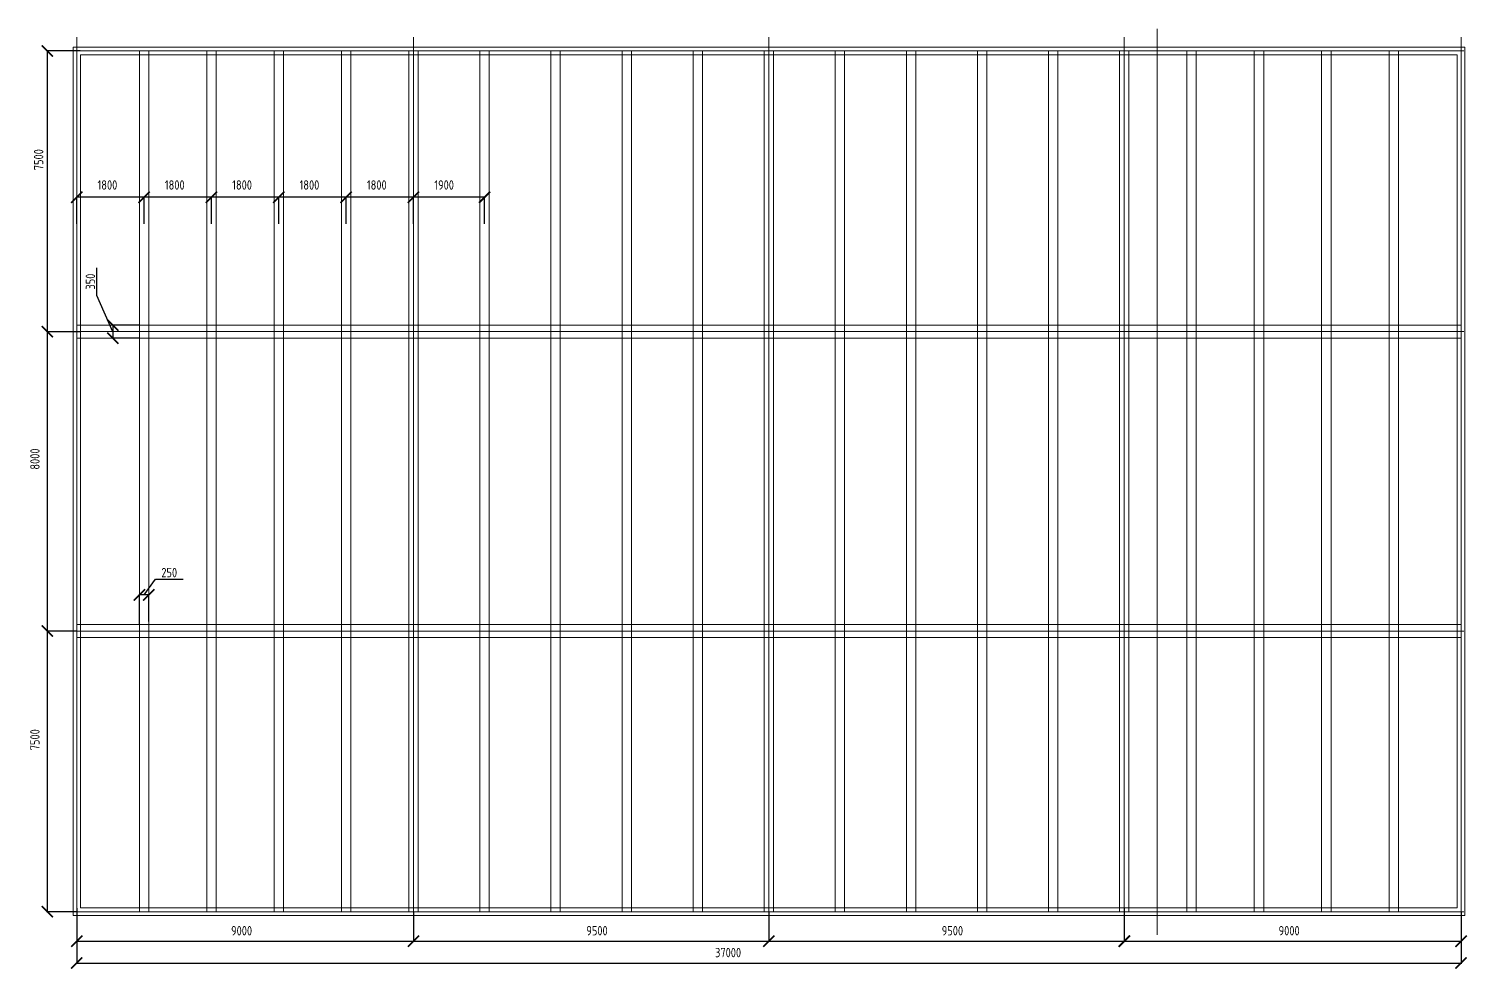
# Model space of a CAD drawing. Header units: millimetres. Extents: x -1960873 to -640355, y 7839719 to 16131025.
# Drawn here: x -816773 to -778324, y 7935632 to 7960762 of the extents above; entities that cross this region are included whole.
import ezdxf

# ---------------------------------------------------------------- set-up
doc = ezdxf.new("R2010")
doc.units = ezdxf.units.MM
doc.linetypes.add('DASHDOT_axis', pattern=[24, 20, -1.5, 1, -1.5])
doc.layers.get('0').update_dxf_attribs({"lineweight": 15})
doc.layers.add('КМ-Размеры', color=2, linetype='Continuous')
doc.styles.add('GOST-2.304_Type-B', font='')
doc.styles.get('GOST-2.304_Type-B').set_extended_font_data('ГОСТ тип А')
doc.dimstyles.new('SPDS', dxfattribs={"dimscale": 100, "dimtxt": 2.5, "dimasz": 2, "dimexe": 1.25, "dimexo": 0.625, "dimtad": 1, "dimdec": 0, "dimrnd": 0.001, "dimtxsty": 'GOST-2.304_Type-B', "dimblk": 'ARCHTICK', "dimcen": 2.5, "dimdle": 2, "dimadec": 0, "dimazin": 2, "dimtfac": 0.75, "dimtdec": 0, "dimtmove": 1, "dimatfit": 3, "dimfxl": 1.25, "dimtolj": 1, "dimarcsym": 0})

# ---------------------------------------------------------------- blocks, each defined once
blk = doc.blocks.new('_ArchTick')
at = {"color": 0, "linetype": 'ByBlock', "const_width": 0.15}
blk.add_lwpolyline([(-0.5, -0.5), (0.5, 0.5)], dxfattribs=at)
blk = doc.blocks.new('*D178')
at = {"layer": 'Defpoints', "color": 0, "ltscale": 10, "transparency": 16777216}
for p in [(-815490, 7937168), (-778490, 7937168), (-778490, 7935798)]:
    blk.add_point(p, dxfattribs=at)
at = {"layer": 'КМ-Размеры', "color": 0, "lineweight": -2, "ltscale": 10, "transparency": 16777216}
for p, q in [((-815490, 7937162), (-815490, 7935785)), ((-778490, 7937162), (-778490, 7935785))]:
    blk.add_line(p, q, dxfattribs=at)
at = {"layer": 'КМ-Размеры', "color": 0, "linetype": 'ByBlock', "ltscale": 10, "transparency": 16777216}
blk.add_line((-815510, 7935798), (-778470, 7935798), dxfattribs=at)
at = {"layer": 'КМ-Размеры', "color": 0, "ltscale": 10, "transparency": 16777216, "xscale": 300, "yscale": 300, "zscale": 300, "rotation": 180}
blk.add_blockref('_ArchTick', (-815490, 7935798), dxfattribs=at)
at = {"layer": 'КМ-Размеры', "color": 0, "ltscale": 10, "transparency": 16777216, "xscale": 300, "yscale": 300, "zscale": 300}
blk.add_blockref('_ArchTick', (-778490, 7935798), dxfattribs=at)
at = {"layer": 'КМ-Размеры', "color": 0, "lineweight": 15, "ltscale": 10, "transparency": 16777216, "insert": (-798081, 7936077), "char_height": 250, "attachment_point": 5, "style": 'GOST-2.304_Type-B'}
blk.add_mtext('\\A1;37000', dxfattribs=at)
blk = doc.blocks.new('*D179')
at = {"layer": 'Defpoints', "color": 0, "ltscale": 10, "transparency": 16777216}
for p in [(-815490, 7937268), (-806490, 7937168), (-806490, 7936381)]:
    blk.add_point(p, dxfattribs=at)
at = {"layer": 'КМ-Размеры', "color": 0, "lineweight": -2, "ltscale": 10, "transparency": 16777216}
for p, q in [((-815490, 7937262), (-815490, 7936369)), ((-806490, 7937162), (-806490, 7936369))]:
    blk.add_line(p, q, dxfattribs=at)
at = {"layer": 'КМ-Размеры', "color": 0, "linetype": 'ByBlock', "ltscale": 10, "transparency": 16777216}
blk.add_line((-815510, 7936381), (-806470, 7936381), dxfattribs=at)
at = {"layer": 'КМ-Размеры', "color": 0, "ltscale": 10, "transparency": 16777216, "xscale": 300, "yscale": 300, "zscale": 300, "rotation": 180}
blk.add_blockref('_ArchTick', (-815490, 7936381), dxfattribs=at)
at = {"layer": 'КМ-Размеры', "color": 0, "ltscale": 10, "transparency": 16777216, "xscale": 300, "yscale": 300, "zscale": 300}
blk.add_blockref('_ArchTick', (-806490, 7936381), dxfattribs=at)
at = {"layer": 'КМ-Размеры', "color": 0, "lineweight": 15, "ltscale": 10, "transparency": 16777216, "insert": (-811085, 7936661), "char_height": 250, "attachment_point": 5, "style": 'GOST-2.304_Type-B'}
blk.add_mtext('\\A1;9000', dxfattribs=at)
blk = doc.blocks.new('*D180')
at = {"layer": 'Defpoints', "color": 0, "ltscale": 10, "transparency": 16777216}
for p in [(-787490, 7937268), (-778490, 7937168), (-778490, 7936381)]:
    blk.add_point(p, dxfattribs=at)
at = {"layer": 'КМ-Размеры', "color": 0, "lineweight": -2, "ltscale": 10, "transparency": 16777216}
for p, q in [((-787490, 7937262), (-787490, 7936369)), ((-778490, 7937162), (-778490, 7936369))]:
    blk.add_line(p, q, dxfattribs=at)
at = {"layer": 'КМ-Размеры', "color": 0, "linetype": 'ByBlock', "ltscale": 10, "transparency": 16777216}
blk.add_line((-787510, 7936381), (-778470, 7936381), dxfattribs=at)
at = {"layer": 'КМ-Размеры', "color": 0, "ltscale": 10, "transparency": 16777216, "xscale": 300, "yscale": 300, "zscale": 300, "rotation": 180}
blk.add_blockref('_ArchTick', (-787490, 7936381), dxfattribs=at)
at = {"layer": 'КМ-Размеры', "color": 0, "ltscale": 10, "transparency": 16777216, "xscale": 300, "yscale": 300, "zscale": 300}
blk.add_blockref('_ArchTick', (-778490, 7936381), dxfattribs=at)
at = {"layer": 'КМ-Размеры', "color": 0, "lineweight": 15, "ltscale": 10, "transparency": 16777216, "insert": (-783085, 7936661), "char_height": 250, "attachment_point": 5, "style": 'GOST-2.304_Type-B'}
blk.add_mtext('\\A1;9000', dxfattribs=at)
blk = doc.blocks.new('*D181')
at = {"layer": 'Defpoints', "color": 0, "ltscale": 10, "transparency": 16777216}
for p in [(-796990, 7937168), (-787490, 7937168), (-787490, 7936381)]:
    blk.add_point(p, dxfattribs=at)
at = {"layer": 'КМ-Размеры', "color": 0, "lineweight": -2, "ltscale": 10, "transparency": 16777216}
for p, q in [((-796990, 7937162), (-796990, 7936369)), ((-787490, 7937162), (-787490, 7936369))]:
    blk.add_line(p, q, dxfattribs=at)
at = {"layer": 'КМ-Размеры', "color": 0, "linetype": 'ByBlock', "ltscale": 10, "transparency": 16777216}
blk.add_line((-797010, 7936381), (-787470, 7936381), dxfattribs=at)
at = {"layer": 'КМ-Размеры', "color": 0, "ltscale": 10, "transparency": 16777216, "xscale": 300, "yscale": 300, "zscale": 300, "rotation": 180}
blk.add_blockref('_ArchTick', (-796990, 7936381), dxfattribs=at)
at = {"layer": 'КМ-Размеры', "color": 0, "ltscale": 10, "transparency": 16777216, "xscale": 300, "yscale": 300, "zscale": 300}
blk.add_blockref('_ArchTick', (-787490, 7936381), dxfattribs=at)
at = {"layer": 'КМ-Размеры', "color": 0, "lineweight": 15, "ltscale": 10, "transparency": 16777216, "insert": (-792085, 7936661), "char_height": 250, "attachment_point": 5, "style": 'GOST-2.304_Type-B'}
blk.add_mtext('\\A1;9500', dxfattribs=at)
blk = doc.blocks.new('*D182')
at = {"layer": 'Defpoints', "color": 0, "ltscale": 10, "transparency": 16777216}
for p in [(-806490, 7937168), (-796990, 7937168), (-796990, 7936381)]:
    blk.add_point(p, dxfattribs=at)
at = {"layer": 'КМ-Размеры', "color": 0, "lineweight": -2, "ltscale": 10, "transparency": 16777216}
for p, q in [((-806490, 7937162), (-806490, 7936369)), ((-796990, 7937162), (-796990, 7936369))]:
    blk.add_line(p, q, dxfattribs=at)
at = {"layer": 'КМ-Размеры', "color": 0, "linetype": 'ByBlock', "ltscale": 10, "transparency": 16777216}
blk.add_line((-806510, 7936381), (-796970, 7936381), dxfattribs=at)
at = {"layer": 'КМ-Размеры', "color": 0, "ltscale": 10, "transparency": 16777216, "xscale": 300, "yscale": 300, "zscale": 300, "rotation": 180}
blk.add_blockref('_ArchTick', (-806490, 7936381), dxfattribs=at)
at = {"layer": 'КМ-Размеры', "color": 0, "ltscale": 10, "transparency": 16777216, "xscale": 300, "yscale": 300, "zscale": 300}
blk.add_blockref('_ArchTick', (-796990, 7936381), dxfattribs=at)
at = {"layer": 'КМ-Размеры', "color": 0, "lineweight": 15, "ltscale": 10, "transparency": 16777216, "insert": (-801585, 7936661), "char_height": 250, "attachment_point": 5, "style": 'GOST-2.304_Type-B'}
blk.add_mtext('\\A1;9500', dxfattribs=at)
blk = doc.blocks.new('*D183')
at = {"layer": 'Defpoints', "color": 0, "ltscale": 10, "transparency": 16777216}
for p in [(-815490, 7944668), (-816277, 7937168), (-815490, 7937168)]:
    blk.add_point(p, dxfattribs=at)
at = {"layer": 'КМ-Размеры', "color": 0, "lineweight": -2, "ltscale": 10, "transparency": 16777216}
for p, q in [((-815497, 7944668), (-816290, 7944668)), ((-815497, 7937168), (-816290, 7937168))]:
    blk.add_line(p, q, dxfattribs=at)
at = {"layer": 'КМ-Размеры', "color": 0, "linetype": 'ByBlock', "ltscale": 10, "transparency": 16777216}
blk.add_line((-816277, 7944688), (-816277, 7937148), dxfattribs=at)
at = {"layer": 'КМ-Размеры', "color": 0, "ltscale": 10, "transparency": 16777216, "xscale": 300, "yscale": 300, "zscale": 300}
for p, rotation in [((-816277, 7944668), 90), ((-816277, 7937168), 270)]:
    blk.add_blockref('_ArchTick', p, dxfattribs=dict(at, rotation=rotation))
at = {"layer": 'КМ-Размеры', "color": 0, "lineweight": 15, "ltscale": 10, "transparency": 16777216, "insert": (-816609, 7941764), "char_height": 250, "attachment_point": 5, "rotation": 90, "style": 'GOST-2.304_Type-B'}
blk.add_mtext('\\A1;7500', dxfattribs=at)
blk = doc.blocks.new('*D184')
at = {"layer": 'Defpoints', "color": 0, "ltscale": 10, "transparency": 16777216}
for p in [(-815490, 7952668), (-816277, 7944668), (-815490, 7944668)]:
    blk.add_point(p, dxfattribs=at)
at = {"layer": 'КМ-Размеры', "color": 0, "lineweight": -2, "ltscale": 10, "transparency": 16777216}
for p, q in [((-815497, 7952668), (-816290, 7952668)), ((-815497, 7944668), (-816290, 7944668))]:
    blk.add_line(p, q, dxfattribs=at)
at = {"layer": 'КМ-Размеры', "color": 0, "linetype": 'ByBlock', "ltscale": 10, "transparency": 16777216}
blk.add_line((-816277, 7952688), (-816277, 7944648), dxfattribs=at)
at = {"layer": 'КМ-Размеры', "color": 0, "ltscale": 10, "transparency": 16777216, "xscale": 300, "yscale": 300, "zscale": 300}
for p, rotation in [((-816277, 7952668), 90), ((-816277, 7944668), 270)]:
    blk.add_blockref('_ArchTick', p, dxfattribs=dict(at, rotation=rotation))
at = {"layer": 'КМ-Размеры', "color": 0, "lineweight": 15, "ltscale": 10, "transparency": 16777216, "insert": (-816609, 7949264), "char_height": 250, "attachment_point": 5, "rotation": 90, "style": 'GOST-2.304_Type-B'}
blk.add_mtext('\\A1;8000', dxfattribs=at)
blk = doc.blocks.new('*D185')
at = {"layer": 'Defpoints', "color": 0, "ltscale": 10, "transparency": 16777216}
for p in [(-815390, 7960168), (-816277, 7952668), (-815390, 7952668)]:
    blk.add_point(p, dxfattribs=at)
at = {"layer": 'КМ-Размеры', "color": 0, "lineweight": -2, "ltscale": 10, "transparency": 16777216}
for p, q in [((-815397, 7960168), (-816290, 7960168)), ((-815397, 7952668), (-816290, 7952668))]:
    blk.add_line(p, q, dxfattribs=at)
at = {"layer": 'КМ-Размеры', "color": 0, "linetype": 'ByBlock', "ltscale": 10, "transparency": 16777216}
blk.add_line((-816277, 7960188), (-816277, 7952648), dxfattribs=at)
_ _ _
Task prompt:
Look through the listing and extract every line with "ezdxf" in it.

Exercise solution:
import ezdxf
doc = ezdxf.new("R2010")
doc.units = ezdxf.units.MM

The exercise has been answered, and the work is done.